B, L = size(radar_cpu)
rows, cols = 4, 2
nplots      = min(rows*cols, L)      # вдруг каналов < 8

plt = plot(layout       = (rows, cols),   # 4×2
           size         = (1500, 1500),
           margin       = 15mm,
           legend       = :outertopright,
           legendfontsize = 8)

for i in 1:nplots
    # подписи в легенде один-раз, чтобы не плодить дубликаты
    lbls = i == 1 ? ("Радар", "Восстановленная ECG", "Эталонная ECG") : ("", "", "")
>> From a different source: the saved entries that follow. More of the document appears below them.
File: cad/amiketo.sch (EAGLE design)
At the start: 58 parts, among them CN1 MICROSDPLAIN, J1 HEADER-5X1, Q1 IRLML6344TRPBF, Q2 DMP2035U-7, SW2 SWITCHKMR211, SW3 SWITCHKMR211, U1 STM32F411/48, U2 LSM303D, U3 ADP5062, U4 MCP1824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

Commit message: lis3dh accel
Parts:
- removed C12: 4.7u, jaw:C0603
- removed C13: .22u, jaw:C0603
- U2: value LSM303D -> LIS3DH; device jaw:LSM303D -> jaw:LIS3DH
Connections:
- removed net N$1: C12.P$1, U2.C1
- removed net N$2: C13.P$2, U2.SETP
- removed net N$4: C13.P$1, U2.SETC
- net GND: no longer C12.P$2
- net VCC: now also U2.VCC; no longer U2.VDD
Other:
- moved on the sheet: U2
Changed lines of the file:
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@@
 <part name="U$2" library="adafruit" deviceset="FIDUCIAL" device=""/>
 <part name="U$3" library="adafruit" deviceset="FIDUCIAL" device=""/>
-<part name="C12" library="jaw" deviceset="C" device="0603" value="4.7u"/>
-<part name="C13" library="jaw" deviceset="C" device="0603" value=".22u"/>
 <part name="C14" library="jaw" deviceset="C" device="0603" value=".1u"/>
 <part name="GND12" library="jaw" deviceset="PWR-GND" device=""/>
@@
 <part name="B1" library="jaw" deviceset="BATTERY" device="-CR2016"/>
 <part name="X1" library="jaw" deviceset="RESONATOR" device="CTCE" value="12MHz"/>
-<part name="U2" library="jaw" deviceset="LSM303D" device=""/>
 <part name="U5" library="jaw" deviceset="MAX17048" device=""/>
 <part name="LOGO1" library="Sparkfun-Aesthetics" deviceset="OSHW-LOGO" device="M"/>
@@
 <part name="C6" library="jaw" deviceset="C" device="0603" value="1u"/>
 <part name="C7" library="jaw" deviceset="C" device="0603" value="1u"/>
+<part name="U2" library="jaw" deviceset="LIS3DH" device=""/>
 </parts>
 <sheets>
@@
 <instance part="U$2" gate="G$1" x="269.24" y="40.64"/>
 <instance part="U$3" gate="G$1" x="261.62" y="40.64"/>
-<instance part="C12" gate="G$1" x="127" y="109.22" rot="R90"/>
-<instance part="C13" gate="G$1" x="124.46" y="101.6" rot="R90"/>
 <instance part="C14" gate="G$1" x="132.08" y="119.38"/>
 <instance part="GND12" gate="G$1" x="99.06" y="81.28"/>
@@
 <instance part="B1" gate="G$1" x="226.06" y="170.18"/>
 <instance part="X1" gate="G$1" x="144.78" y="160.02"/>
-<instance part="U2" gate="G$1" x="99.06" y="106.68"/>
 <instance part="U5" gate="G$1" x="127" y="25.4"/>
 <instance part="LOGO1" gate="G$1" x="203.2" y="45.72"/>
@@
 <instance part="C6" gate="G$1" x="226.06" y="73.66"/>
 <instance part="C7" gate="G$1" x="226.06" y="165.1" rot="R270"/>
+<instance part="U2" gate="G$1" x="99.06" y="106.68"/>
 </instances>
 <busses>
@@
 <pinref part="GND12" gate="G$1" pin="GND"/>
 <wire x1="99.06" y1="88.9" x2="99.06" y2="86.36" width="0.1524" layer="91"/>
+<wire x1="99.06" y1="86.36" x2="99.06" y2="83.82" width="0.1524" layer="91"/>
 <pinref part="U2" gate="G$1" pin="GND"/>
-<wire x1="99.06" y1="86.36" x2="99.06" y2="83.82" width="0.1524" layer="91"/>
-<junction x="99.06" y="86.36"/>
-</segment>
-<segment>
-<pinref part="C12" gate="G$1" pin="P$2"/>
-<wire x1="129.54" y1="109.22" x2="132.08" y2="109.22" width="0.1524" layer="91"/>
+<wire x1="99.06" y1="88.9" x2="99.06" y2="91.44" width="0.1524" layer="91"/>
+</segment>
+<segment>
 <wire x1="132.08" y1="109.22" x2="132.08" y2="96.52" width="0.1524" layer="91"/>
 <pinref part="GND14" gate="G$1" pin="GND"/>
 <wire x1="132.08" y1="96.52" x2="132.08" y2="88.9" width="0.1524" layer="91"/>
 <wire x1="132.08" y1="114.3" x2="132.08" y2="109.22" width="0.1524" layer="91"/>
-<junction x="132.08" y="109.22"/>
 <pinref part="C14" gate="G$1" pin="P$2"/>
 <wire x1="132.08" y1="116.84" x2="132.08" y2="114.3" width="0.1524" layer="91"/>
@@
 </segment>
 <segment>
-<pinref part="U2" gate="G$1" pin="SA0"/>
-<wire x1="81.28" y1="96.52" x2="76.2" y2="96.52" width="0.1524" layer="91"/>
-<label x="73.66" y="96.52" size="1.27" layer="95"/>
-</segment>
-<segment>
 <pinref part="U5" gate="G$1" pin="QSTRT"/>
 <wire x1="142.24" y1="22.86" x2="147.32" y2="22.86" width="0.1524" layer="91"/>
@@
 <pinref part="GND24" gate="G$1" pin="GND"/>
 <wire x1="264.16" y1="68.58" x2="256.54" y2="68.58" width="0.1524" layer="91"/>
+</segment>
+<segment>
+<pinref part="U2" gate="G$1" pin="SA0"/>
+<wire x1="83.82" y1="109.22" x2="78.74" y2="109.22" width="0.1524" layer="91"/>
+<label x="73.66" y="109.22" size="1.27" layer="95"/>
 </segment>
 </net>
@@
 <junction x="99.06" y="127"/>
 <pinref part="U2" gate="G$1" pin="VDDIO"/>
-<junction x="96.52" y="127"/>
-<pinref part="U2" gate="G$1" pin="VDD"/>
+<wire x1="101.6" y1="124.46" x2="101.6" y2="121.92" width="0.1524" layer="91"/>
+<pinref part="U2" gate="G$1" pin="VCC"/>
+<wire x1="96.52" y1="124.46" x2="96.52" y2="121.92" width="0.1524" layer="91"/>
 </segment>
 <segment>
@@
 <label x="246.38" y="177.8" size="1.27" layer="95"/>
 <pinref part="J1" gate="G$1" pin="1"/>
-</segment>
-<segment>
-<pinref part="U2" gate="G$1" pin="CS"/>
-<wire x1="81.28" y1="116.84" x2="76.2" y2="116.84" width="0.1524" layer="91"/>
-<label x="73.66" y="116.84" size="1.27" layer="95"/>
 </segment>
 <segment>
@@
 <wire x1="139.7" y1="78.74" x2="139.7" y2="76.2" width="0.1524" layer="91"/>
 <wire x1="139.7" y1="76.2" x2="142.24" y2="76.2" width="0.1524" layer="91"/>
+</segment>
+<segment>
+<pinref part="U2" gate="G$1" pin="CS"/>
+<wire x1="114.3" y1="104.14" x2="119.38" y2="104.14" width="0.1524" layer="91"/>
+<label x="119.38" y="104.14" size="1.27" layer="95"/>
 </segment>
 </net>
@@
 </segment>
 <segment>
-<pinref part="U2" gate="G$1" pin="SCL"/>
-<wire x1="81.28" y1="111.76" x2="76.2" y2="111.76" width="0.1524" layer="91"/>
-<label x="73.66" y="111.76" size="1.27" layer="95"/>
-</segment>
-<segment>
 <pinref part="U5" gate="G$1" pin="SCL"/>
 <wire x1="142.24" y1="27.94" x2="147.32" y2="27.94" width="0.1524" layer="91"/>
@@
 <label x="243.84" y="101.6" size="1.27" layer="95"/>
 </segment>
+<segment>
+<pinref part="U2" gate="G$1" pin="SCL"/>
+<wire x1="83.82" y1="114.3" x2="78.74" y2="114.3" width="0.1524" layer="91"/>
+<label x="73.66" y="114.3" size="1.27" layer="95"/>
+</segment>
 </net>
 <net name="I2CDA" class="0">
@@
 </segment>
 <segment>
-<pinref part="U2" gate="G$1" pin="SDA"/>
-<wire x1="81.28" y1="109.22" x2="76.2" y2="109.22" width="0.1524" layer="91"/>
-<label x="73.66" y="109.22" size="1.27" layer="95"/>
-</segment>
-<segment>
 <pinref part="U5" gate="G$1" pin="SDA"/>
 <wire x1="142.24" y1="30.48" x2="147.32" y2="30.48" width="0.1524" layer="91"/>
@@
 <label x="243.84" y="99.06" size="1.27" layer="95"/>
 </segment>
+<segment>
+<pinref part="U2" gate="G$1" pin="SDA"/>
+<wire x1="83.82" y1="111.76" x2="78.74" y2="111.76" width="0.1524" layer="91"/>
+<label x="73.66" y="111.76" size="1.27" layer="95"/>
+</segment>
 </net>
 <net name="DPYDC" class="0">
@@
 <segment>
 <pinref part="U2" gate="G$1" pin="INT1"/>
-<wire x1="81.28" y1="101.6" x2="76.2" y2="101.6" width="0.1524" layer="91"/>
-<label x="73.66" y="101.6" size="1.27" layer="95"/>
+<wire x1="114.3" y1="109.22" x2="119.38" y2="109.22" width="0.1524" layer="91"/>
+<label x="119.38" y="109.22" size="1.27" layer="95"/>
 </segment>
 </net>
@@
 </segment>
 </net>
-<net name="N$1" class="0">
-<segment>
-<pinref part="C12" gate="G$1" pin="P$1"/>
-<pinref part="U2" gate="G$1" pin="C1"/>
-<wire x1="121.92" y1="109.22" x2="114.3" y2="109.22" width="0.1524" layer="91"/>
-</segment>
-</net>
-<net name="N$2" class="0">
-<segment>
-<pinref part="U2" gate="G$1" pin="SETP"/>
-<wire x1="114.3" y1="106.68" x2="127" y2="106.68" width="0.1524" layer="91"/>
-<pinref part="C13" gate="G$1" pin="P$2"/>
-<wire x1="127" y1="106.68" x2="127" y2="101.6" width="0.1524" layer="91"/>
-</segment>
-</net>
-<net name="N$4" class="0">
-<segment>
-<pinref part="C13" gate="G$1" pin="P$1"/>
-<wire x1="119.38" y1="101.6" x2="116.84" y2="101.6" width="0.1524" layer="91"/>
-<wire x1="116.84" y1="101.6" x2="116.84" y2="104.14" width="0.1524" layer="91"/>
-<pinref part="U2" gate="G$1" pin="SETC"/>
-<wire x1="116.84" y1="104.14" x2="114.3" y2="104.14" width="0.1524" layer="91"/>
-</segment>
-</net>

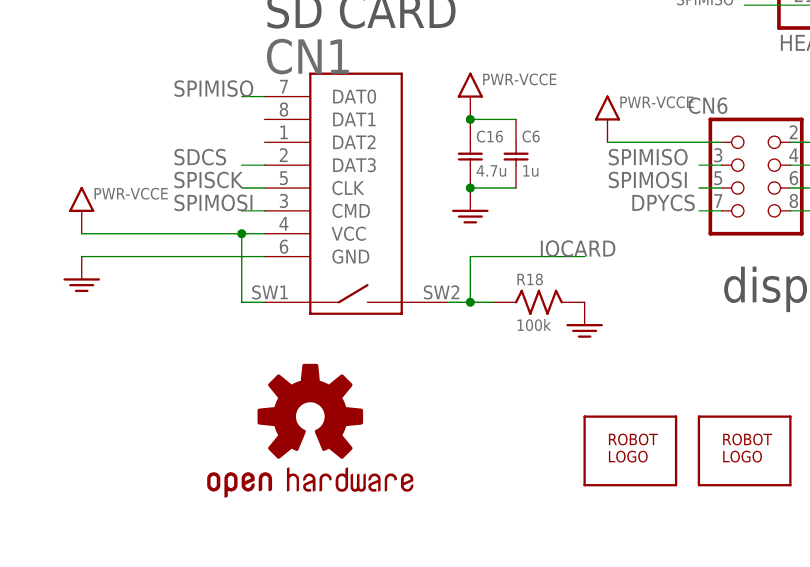
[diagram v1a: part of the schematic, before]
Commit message: move usb, embiggen sd
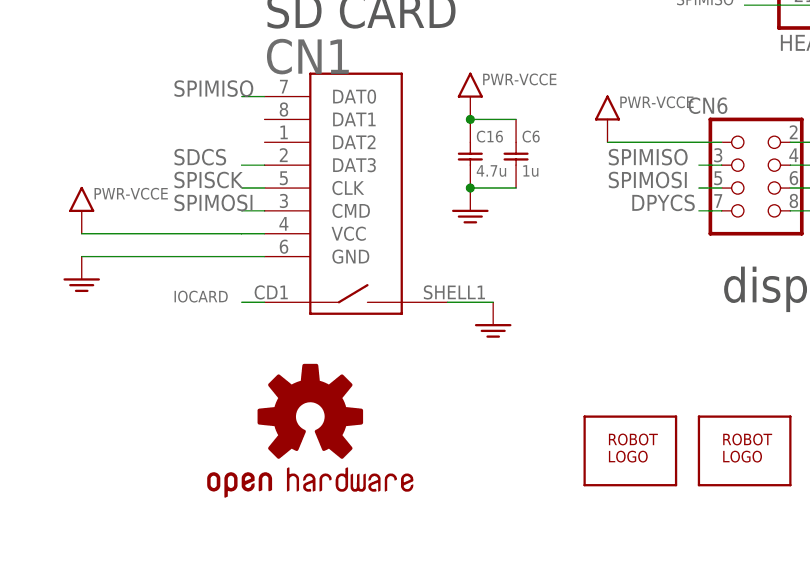
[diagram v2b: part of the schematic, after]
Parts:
- removed R18: 100k, jaw:R0603
- CN1: value MICROSDPLAIN -> MICROSD-EJECT; device jaw:MICROSDPLAIN -> jaw:MICROSD-EJECT
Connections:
- net GND: now also CN1.SW2; no longer R18.P$2
- net IOCARD: now also CN1.SW1; no longer CN1.SW2, R18.P$1
- net VCCE: no longer CN1.SW1
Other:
- moved on the sheet: CN1
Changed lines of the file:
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@@
 <part name="GND10" library="jaw" deviceset="PWR-GND" device=""/>
 <part name="Q1" library="jaw" deviceset="MOSFET" device="SOT-23" value="IRLML6344TRPBF"/>
-<part name="CN1" library="jaw" deviceset="MICROSD" device="PLAIN"/>
+<part name="CN1" library="jaw" deviceset="MICROSD" device="-EJECT" value="MICROSD-EJECT"/>
 <part name="GND22" library="jaw" deviceset="PWR-GND" device=""/>
 <part name="C16" library="jaw" deviceset="C" device="0603" value="4.7u"/>
 <part name="GND23" library="jaw" deviceset="PWR-GND" device=""/>
-<part name="R18" library="jaw" deviceset="R" device="0603" value="100k"/>
 <part name="GND13" library="jaw" deviceset="PWR-GND" device=""/>
 <part name="U$2" library="adafruit" deviceset="FIDUCIAL" device=""/>
@@
 <instance part="C16" gate="G$1" x="220.98" y="73.66"/>
 <instance part="GND23" gate="G$1" x="220.98" y="68.58"/>
-<instance part="R18" gate="G$1" x="228.6" y="58.42"/>
-<instance part="GND13" gate="G$1" x="233.68" y="55.88"/>
+<instance part="GND13" gate="G$1" x="223.52" y="55.88"/>
 <instance part="U$2" gate="G$1" x="269.24" y="40.64"/>
 <instance part="U$3" gate="G$1" x="261.62" y="40.64"/>
@@
 </segment>
 <segment>
-<pinref part="R18" gate="G$1" pin="P$2"/>
-<pinref part="GND13" gate="G$1" pin="GND"/>
-</segment>
-<segment>
 <pinref part="GND9" gate="G$1" pin="GND"/>
 <pinref part="LED1" gate="G$1" pin="C"/>
@@
 <wire x1="83.82" y1="109.22" x2="78.74" y2="109.22" width="0.1524" layer="91"/>
 <label x="73.66" y="109.22" size="1.27" layer="95"/>
+</segment>
+<segment>
+<pinref part="CN1" gate="G$1" pin="SW2"/>
+<pinref part="GND13" gate="G$1" pin="GND"/>
+<wire x1="218.44" y1="58.42" x2="223.52" y2="58.42" width="0.1524" layer="91"/>
 </segment>
 </net>
@@
 <net name="IOCARD" class="0">
 <segment>
-<pinref part="CN1" gate="G$1" pin="SW2"/>
-<pinref part="R18" gate="G$1" pin="P$1"/>
-<wire x1="218.44" y1="58.42" x2="220.98" y2="58.42" width="0.1524" layer="91"/>
-<wire x1="220.98" y1="58.42" x2="223.52" y2="58.42" width="0.1524" layer="91"/>
-<wire x1="220.98" y1="58.42" x2="220.98" y2="63.5" width="0.1524" layer="91"/>
-<junction x="220.98" y="58.42"/>
-<wire x1="220.98" y1="63.5" x2="233.68" y2="63.5" width="0.1524" layer="91"/>
-<label x="228.6" y="63.5" size="1.778" layer="95"/>
-</segment>
-<segment>
 <pinref part="U1" gate="G$1" pin="PA15"/>
 <wire x1="193.04" y1="124.46" x2="198.12" y2="124.46" width="0.1524" layer="91"/>
 <label x="198.12" y="124.46" size="1.27" layer="95"/>
+</segment>
+<segment>
+<pinref part="CN1" gate="G$1" pin="SW1"/>
+<wire x1="198.12" y1="58.42" x2="195.58" y2="58.42" width="0.1524" layer="91"/>
+<label x="187.96" y="58.42" size="1.27" layer="95"/>
 </segment>
 </net>
@@
 <pinref part="CN1" gate="G$1" pin="VCC"/>
 <wire x1="177.8" y1="66.04" x2="195.58" y2="66.04" width="0.1524" layer="91"/>
-<pinref part="CN1" gate="G$1" pin="SW1"/>
 <wire x1="195.58" y1="66.04" x2="198.12" y2="66.04" width="0.1524" layer="91"/>
-<wire x1="198.12" y1="58.42" x2="195.58" y2="58.42" width="0.1524" layer="91"/>
-<wire x1="195.58" y1="58.42" x2="195.58" y2="66.04" width="0.1524" layer="91"/>
-<junction x="195.58" y="66.04"/>
 <pinref part="VCCE2" gate="G$1" pin="VCCE"/>
 </segment>

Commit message: 22pin connector
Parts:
- added C12: .1u, jaw:C0603
- JP1: value HEADER-21X1 -> HEADER-22X1-PTH; device jaw:HEADER-21X1 -> jaw:HEADER-22X1-PTH
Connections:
- net BOOT0: now also JP1.16; no longer JP1.15
- net GND: now also C12.P$2, JP1.13; no longer JP1.12
- net I2CCL: now also JP1.18; no longer JP1.17
- net I2CDA: now also JP1.19; no longer JP1.18
- net NRST: now also JP1.17; no longer JP1.16
- net RX: now also JP1.14; no longer JP1.13
- net SPIMISO: now also JP1.22; no longer JP1.21
- net SPIMOSI: now also JP1.21; no longer JP1.20
- net SPISCK: now also JP1.20; no longer JP1.19
- net TX: now also JP1.15; no longer JP1.14
- net VCC: now also C12.P$1
- net VUSB: now also JP1.12

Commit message: tweak, silk
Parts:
- C6: value 1u -> .1u
- F1: value (none) -> FUSE; device adafruit:PTCFUSE-1206 -> jaw:FUSE
- renumbered NOISY1 to SPKR1
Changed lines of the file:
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@@
 <part name="USB1" library="dp_devices" deviceset="CON-USB-F" device="-MICRO-B"/>
 <part name="CN3" library="adafruit" deviceset="JST_2PIN" device="-SMT-RA"/>
-<part name="F1" library="adafruit" deviceset="PTCFUSE" device="-1206"/>
+<part name="F1" library="jaw" deviceset="FUSE" device=""/>
 <part name="C1" library="jaw" deviceset="C" device="0603" value="10u"/>
 <part name="C2" library="jaw" deviceset="C" device="0603" value="1u"/>
@@
 <part name="R8" library="jaw" deviceset="R" device="0603" value="470"/>
 <part name="GND9" library="jaw" deviceset="PWR-GND" device=""/>
-<part name="NOISY1" library="jaw" deviceset="PUI-5040" device=""/>
+<part name="SPKR1" library="jaw" deviceset="PUI-5040" device=""/>
 <part name="D1" library="jaw" deviceset="DIODE" device="SOD-323"/>
 <part name="VCC3" library="jaw" deviceset="PWR-VCC" device=""/>
@@
 <part name="VCCE3" library="jaw" deviceset="PWR-VCCE" device=""/>
 <part name="VCCE4" library="jaw" deviceset="PWR-VCCE" device=""/>
-<part name="C6" library="jaw" deviceset="C" device="0603" value="1u"/>
+<part name="C6" library="jaw" deviceset="C" device="0603" value=".1u"/>
 <part name="C7" library="jaw" deviceset="C" device="0603" value="1u"/>
 <part name="U2" library="jaw" deviceset="LIS3DH" device=""/>
@@
 <instance part="USB1" gate="USB" x="25.4" y="180.34"/>
 <instance part="CN3" gate="G$1" x="73.66" y="30.48" rot="R180"/>
-<instance part="F1" gate="G$1" x="50.8" y="180.34"/>
+<instance part="F1" gate="G$1" x="50.8" y="182.88"/>
 <instance part="C1" gate="G$1" x="88.9" y="53.34"/>
 <instance part="C2" gate="G$1" x="139.7" y="53.34"/>
@@
 <instance part="R8" gate="G$1" x="43.18" y="139.7" rot="R270"/>
 <instance part="GND9" gate="G$1" x="43.18" y="114.3"/>
-<instance part="NOISY1" gate="G$1" x="30.48" y="142.24"/>
+<instance part="SPKR1" gate="G$1" x="30.48" y="142.24"/>
 <instance part="D1" gate="G$1" x="20.32" y="142.24" rot="R90"/>
 <instance part="VCC3" gate="G$1" x="27.94" y="157.48"/>
@@
 <instance part="GND23" gate="G$1" x="220.98" y="68.58"/>
 <instance part="GND13" gate="G$1" x="223.52" y="55.88"/>
-<instance part="U$2" gate="G$1" x="269.24" y="40.64"/>
-<instance part="U$3" gate="G$1" x="261.62" y="40.64"/>
+<instance part="U$2" gate="G$1" x="271.78" y="25.4"/>
+<instance part="U$3" gate="G$1" x="271.78" y="33.02"/>
 <instance part="C14" gate="G$1" x="132.08" y="119.38"/>
 <instance part="GND12" gate="G$1" x="99.06" y="81.28"/>
@@
 <instance part="GND11" gate="G$1" x="7.62" y="50.8"/>
 <instance part="GND21" gate="G$1" x="68.58" y="43.18"/>
-<instance part="U$4" gate="G$1" x="251.46" y="40.64"/>
+<instance part="U$4" gate="G$1" x="248.92" y="25.4"/>
 <instance part="B1" gate="G$1" x="226.06" y="170.18"/>
 <instance part="X1" gate="G$1" x="144.78" y="160.02"/>
 <instance part="U5" gate="G$1" x="127" y="25.4"/>
-<instance part="LOGO1" gate="G$1" x="203.2" y="45.72"/>
-<instance part="U$1" gate="G$1" x="238.76" y="40.64"/>
+<instance part="LOGO1" gate="G$1" x="261.62" y="27.94"/>
+<instance part="U$1" gate="G$1" x="236.22" y="25.4"/>
 <instance part="R2" gate="G$1" x="17.78" y="121.92"/>
 <instance part="CN6" gate="A" x="251.46" y="71.12"/>
@@
 </segment>
 <segment>
-<pinref part="NOISY1" gate="G$1" pin="P1"/>
+<pinref part="SPKR1" gate="G$1" pin="P1"/>
 <pinref part="VCC3" gate="G$1" pin="VCC"/>
 <wire x1="27.94" y1="154.94" x2="27.94" y2="152.4" width="0.1524" layer="91"/>
@@
 <segment>
 <pinref part="Q1" gate="G$1" pin="D"/>
-<pinref part="NOISY1" gate="G$1" pin="P2"/>
+<pinref part="SPKR1" gate="G$1" pin="P2"/>
 <wire x1="27.94" y1="129.54" x2="27.94" y2="132.08" width="0.1524" layer="91"/>
 <wire x1="27.94" y1="132.08" x2="20.32" y2="132.08" width="0.1524" layer="91"/>

    plot!(plt, radar_cpu[:, i + 2], lw = 2, alpha = 0.7,
          label = lbls[1], subplot = i)

    plot!(plt, pred_cpu[:,  i + 2], lw = 2,
          label = lbls[2], subplot = i)

    plot!(plt, ecg_cpu[:,   i + 2], lw = 2, linestyle = :dash,
          label = lbls[3], subplot = i)

    title!(plt, "Пример $i", subplot = i)
    xlabel!(plt, "Время [s]", subplot = i)
    ylabel!(plt, "Амплитуда, мВ", subplot = i)
end

display(plt)

Evaluation of the trained model

Let's display error graphs on the train and on validation.

In [ ]:
plot(train_losses, label="train loss", lw=3)
plot!(valid_losses, label="valid loss", lw = 3)
xlabel!("Эпоха")
ylabel!("Ошибка")
Out[0]:

We visualize the metrics accumulated during training - R^2, RMSE, MAE, Accuracy

In [ ]:
plt = plot(layout = (1,4), size = (900,300),
           legend = :outertopright,   
           legendfontsize = 8,
           margin = 5Plots.mm)

metricsList = [RMSEList, MAEList, R2List, AccList]
metric_names = ["RMSE", "MAE", "R²", "Accuracy"]

plt = plot(
    layout       = (1, 4),
    size         = (1000, 300),
    margin       = 5Plots.mm,
    legend       = false,         
)

for (i, name) in enumerate(metric_names)
    plot!(
        plt, metricsList[i], subplot = i,lw = 2,alpha   = 0.8,label   = "")
    title!(plt, name,      subplot = i)
    xlabel!(plt, "Epoch",    subplot = i)
    ylabel!(plt, name,       subplot = i)
end

display(plt)

Conclusion

In the work, a custom U-net-like neural network was trained on preprocessed radar data for ECG reconstruction. The model does a good job of showing good numbers on the calculated metrics.